Creating microenvironments with Claudins: The proper way to build gut and liver
While identifying genes necessary for organogenesis is important, having the appropriate cellular environment for cells to undergo morphogenesis is as important. Understanding the cell biology of zebrafish gut and liver development is the main interest of my thesis work. Claudins are junction proteins that are involved in the maintenance of polarity, the regulation of paracellular transport, and providing barrier functions. As such, they play a role in the establishment and maintenance of appropriate cellular environment by regulating the localization of different proteins or substances to their appropriate places. I have identified two claudins in my thesis work that are necessary for organ development.

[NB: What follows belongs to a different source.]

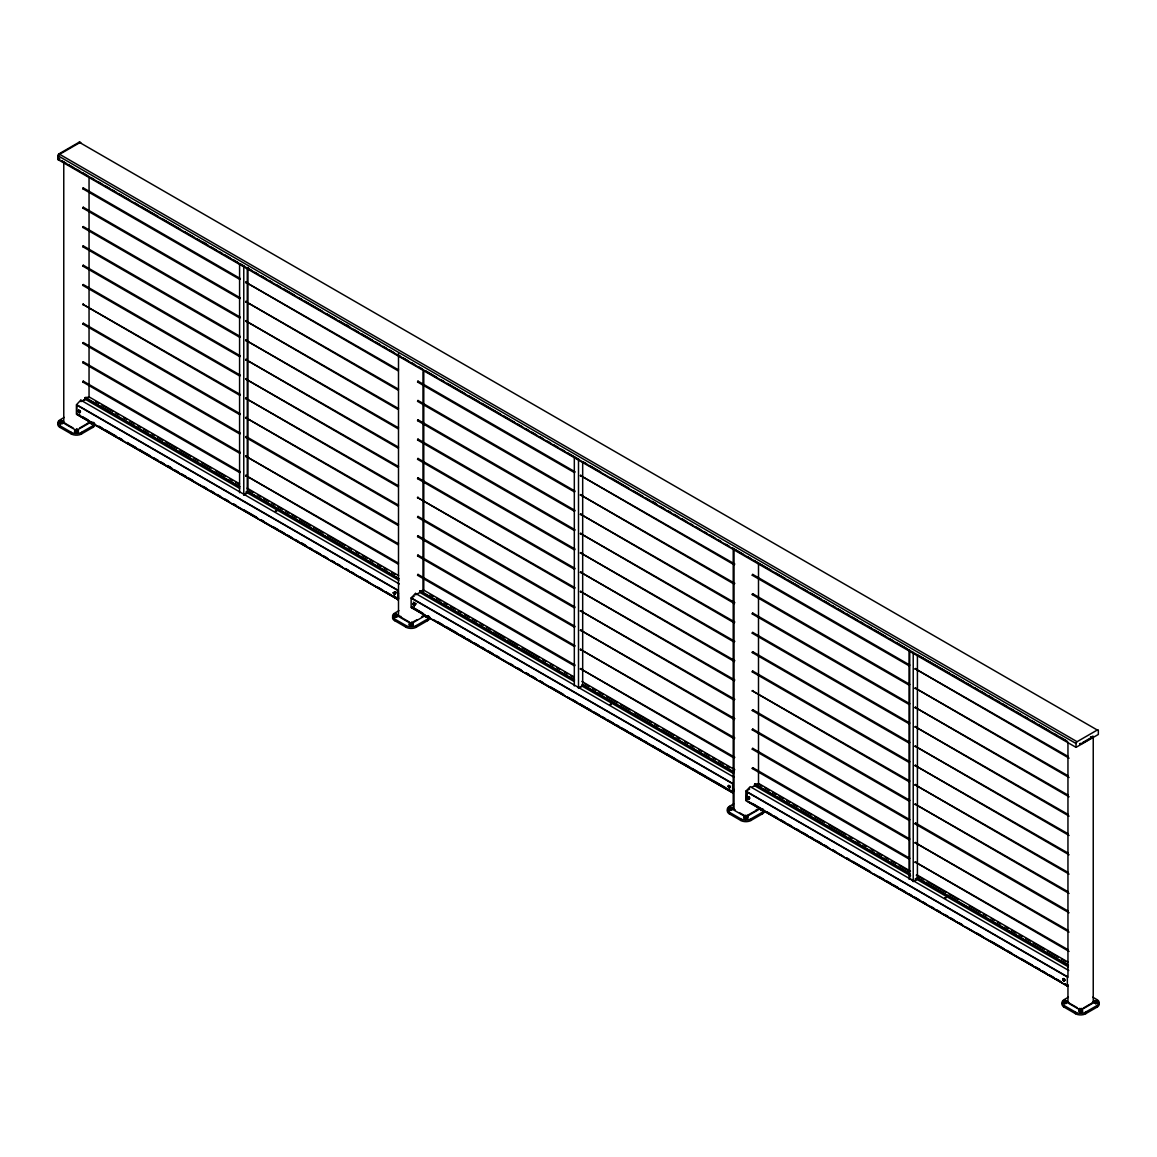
<?xml version="1.0" encoding="UTF-8"?>
<svg xmlns="http://www.w3.org/2000/svg" width="1157" height="1157" viewBox="0 0 1157 1157"><rect width="100%" height="100%" fill="white"/><g stroke="black" fill="none" stroke-linecap="round" stroke-linejoin="round"><path stroke-width="1.5" d="M582.68 462.135L582.68 685.942L578.5 688.357L578.5 459.141M917.414 655.354L917.414 879.204L913.235 881.62M731.701 547.695L1066.768 741.015M61.538 160.794L730.472 547.261M394.103 592.934L394.826 592.832M395.593 593.454L395.246 592.586M729.185 786.934L729.72 786.427M745.31 815.179L745.701 816.177M1080.045 1008.427L1080.117 1009.352M729.575 808.945L729.763 809.842L731.21 809.51M88.25 422.84L87.382 423.346M422.97 616.102L421.784 616.565M735.201 809.828L734.088 809.148M757.705 809.35L756.215 809.712M1092.425 736.676L1090.501 737.023M1068.764 1002.497L1069.603 1003.105M1092.41 1002.7L1091.572 1003.105M92.994 422.84L91.736 423.39M427.714 616.088L425.733 616.088M762.449 809.35L760.467 809.35M1065.973 1002.613L1063.992 1002.613L1065.973 1002.613M729.315 809.191L730.515 809.9M411.675 621.974L411.313 622.914M239.629 488.399L85.126 399.208L85.228 397.545M574.349 681.647L419.846 592.456L419.89 590.88L424.243 590.403L574.205 676.99M910.631 875.806L754.581 785.704L754.624 784.128L758.978 783.665L910.487 871.149M733.032 783.824L733.032 792.285L734.261 789.493M746.916 798.72L746.496 799.805L746.916 793.688M79.963 410.605C77.476 411.559 81.887 412.239 78.647 410.258L79.616 412.731L80.44 411.849L78.647 410.258M413.816 604.041L414.568 605.154L413.989 603.94M1064.151 981.15L1064.397 979.458L1062.705 979.357L1064.151 981.15L1064.498 979.024L1063.182 978.677M58.877 421.915L61.292 420.512L62.68 421.322L62.174 423.636L60.265 423.925L58.877 421.915L62.174 422.421L62.68 421.322M58.877 423.129L59.383 420.815M76.897 429.594L78.372 430.303L78.372 431.518L75.957 432.906L74.569 430.896L76.941 428.668M74.569 432.096L75.075 429.797M77.866 432.617L78.372 430.303M93.876 422.522L91.461 423.925L90.072 423.115L90.579 422.016M393.611 615.162L394.118 614.063L397.415 614.569L396.909 616.883L395 617.187L393.611 615.162L395 615.972L397.415 614.569M393.611 616.377L394.118 614.063M409.289 624.144L409.809 623.045L413.107 623.551L412.586 625.865L410.692 626.154L409.289 624.144L410.692 624.954L413.107 623.551M409.289 625.358L409.809 623.045M428.611 615.784L426.195 617.173L424.793 616.363L425.299 615.264M728.332 808.425L730.747 807.022L732.15 807.832L731.629 810.146L729.72 810.435L728.332 808.425L731.629 808.931L732.15 807.832M728.332 809.625L728.838 807.311M744.023 817.392L746.439 816.003L747.827 816.813L747.321 819.113L745.412 819.416L744.023 817.392L745.412 818.201L747.827 816.813M744.023 818.606L744.529 816.292M1063.066 1001.673L1065.481 1000.27L1066.87 1001.08L1066.364 1003.394L1064.454 1003.683L1063.066 1001.673L1066.364 1002.179L1066.87 1001.08M1063.066 1002.888L1063.572 1000.574M1081.159 1009.251L1082.562 1011.276L1080.146 1012.664L1078.743 1010.654L1081.332 1008.658M1082.041 1012.375L1082.562 1010.061M1094.247 1001.658L1094.768 1000.559L1098.065 1001.08L1097.545 1003.379L1095.65 1003.683L1094.247 1001.658L1097.545 1002.179L1098.065 1001.08M1094.247 1002.873L1094.768 1000.559M1064.917 983.884L1067.766 985.533M78.17 410.937L78.994 410.055M79.616 412.731L80.44 411.849M393.25 592.847L395.043 592.514L394.696 594.64L393.25 592.847L394.696 594.64M412.89 604.2L414.683 603.867L414.336 605.993L412.89 604.2L413.729 603.303M727.97 786.109L729.763 785.777L729.416 787.903L727.97 786.109L729.763 787.7M729.416 787.903L730.255 787.006M747.624 797.448L749.418 797.115L749.071 799.241L747.624 797.448L748.449 796.566M1062.705 979.357L1063.529 978.475M62.652 161.59L61.914 161.228M732.757 783.506L411.27 597.894L415.479 593.382L734.03 777.229M1067.477 976.754L746.005 791.157L750.213 786.644L1068.764 970.492M729.85 787.064L728.838 786.066L729.763 786.341M1064.975 980.268L1063.616 979.762M1097.038 1002.888L1095.317 1002.888M567.624 697.092L733.321 792.111M1068.041 985.692L1064.642 984.057M64.199 417.417L59.383 420.237A7.405 4.266 0 0 0 59.383 425.443L71.908 432.675A7.405 4.266 0 0 0 80.918 432.675L93.442 425.443A7.405 4.266 0 0 0 94.715 423.954M58.414 422.811A7.405 4.266 0 0 0 59.383 427.049L71.908 434.28A7.405 4.266 0 0 0 80.918 434.28L93.442 427.049A7.405 4.266 0 0 0 94.903 425.009M398.919 610.665L394.103 613.499A7.405 4.266 0 0 0 394.103 618.691L406.628 625.923A7.405 4.266 0 0 0 415.638 625.923L428.162 618.691A7.405 4.266 0 0 0 429.449 617.202M392.83 616.594A7.405 4.266 0 0 0 394.103 620.311L406.628 627.542A7.405 4.266 0 0 0 415.638 627.542L428.162 620.311A7.405 4.266 0 0 0 429.637 617.144M733.654 803.913L728.838 806.747A7.405 4.266 0 0 0 728.838 811.954L741.362 819.185A7.405 4.266 0 0 0 750.372 819.185L762.897 811.954A7.405 4.266 0 0 0 764.17 810.45M728.838 808.353L729.431 806.357M728.303 808.815A7.405 4.266 0 0 0 728.838 813.559L741.362 820.79A7.405 4.266 0 0 0 750.372 820.79L762.897 813.559A7.405 4.266 0 0 0 764.415 810.956M1068.374 997.175L1063.558 999.995A7.405 4.266 0 0 0 1063.558 1005.202L1076.082 1012.433A7.405 4.266 0 0 0 1085.092 1012.433L1097.617 1005.202A7.405 4.266 0 0 0 1097.617 999.995L1092.801 997.175M1062.603 1002.584A7.405 4.266 0 0 0 1063.558 1006.807L1076.082 1014.038A7.405 4.266 0 0 0 1085.092 1014.038L1097.617 1006.807A7.405 4.266 0 0 0 1098.586 1002.584M58.935 153.895L79.153 142.21L1098.34 730.631L1098.34 734.464L1076.024 747.35L57.893 159.536L57.893 155.703A1.475 0.853 -60 0 1 58.935 153.895L1077.066 741.695L1097.284 730.024A1.475 0.853 -60 0 1 1098.34 730.631M57.893 159.536L59.325 158.711M60.019 159.116L58.588 159.941L58.588 156.108A1.475 0.853 -60 0 1 59.629 154.286L79.862 142.615A1.475 0.853 -60 0 1 80.903 143.222M85.126 399.208L80.947 401.624L80.947 400.177M82.306 401.32L86.63 398.818M78.647 412.181L79.963 412.528M76.941 413.888L80.238 415.377M76.608 414.278L398.312 599.745L76.405 414.163L76.405 404.892L397.892 590.489L397.892 599.76M79.645 428.018L86.804 423.881M243.765 494.704L247.265 492.694L247.265 269.205M394.074 591.965L394.812 592.876M394.233 592.63L395.043 592.514M395.52 593.758L394.696 592.717M419.846 592.456L415.667 594.872L415.667 593.425M411.27 597.894L414.163 596.231M413.382 603.506L414.683 603.867M413.382 605.429L414.336 605.993M411.834 606.832L424.142 614.353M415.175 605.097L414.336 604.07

During gut development, endodermal cells must rearrange themselves from an initial disorganized state to an organized radial pattern. I found that regulation of the dynamic localization of the adhesion proteins Cadherins may be important for mediating this process. After cells have arranged into a radial pattern, lumen that has formed at the apical region of these cells must coalesce to form a single lumen. We showed that the homeobox gene tcf2 transcriptionally controls the expression of claudin15 and Na+/K+ ATPase to regulate single lumen formation. Together, claudin15 and Na+/K+ ATPase create the appropriate electrochemical microenvironment to drive fluid accumulation. In turn, the fluid accumulation drives lumen coalescence. Subsequently, the single lumen must expand to form a functional gut tube. We provide evidence that apical membrane biogenesis is important for lumen expansion in gut development.
Another claudin, claudin15-likeb(cldn15lb), was found to have a dynamic expression pattern in the liver during development. Its initial expression in hepatocytes and biliary epithelial cells (BECs) becomes restricted to only the BECs at later stages of development. During biliary duct morphogenesis, BECs remodel to form a mature, functional network. Mutants of cldn15lb fail to remodel and form a disorganized biliary ductal network. Interestingly, these mutants do not have a severe polarity defect and can form tight junctions. The expression data and mutant phenotype suggest that cldn15lb may play a role in directing the remodeling process during biliary duct morphogenesis.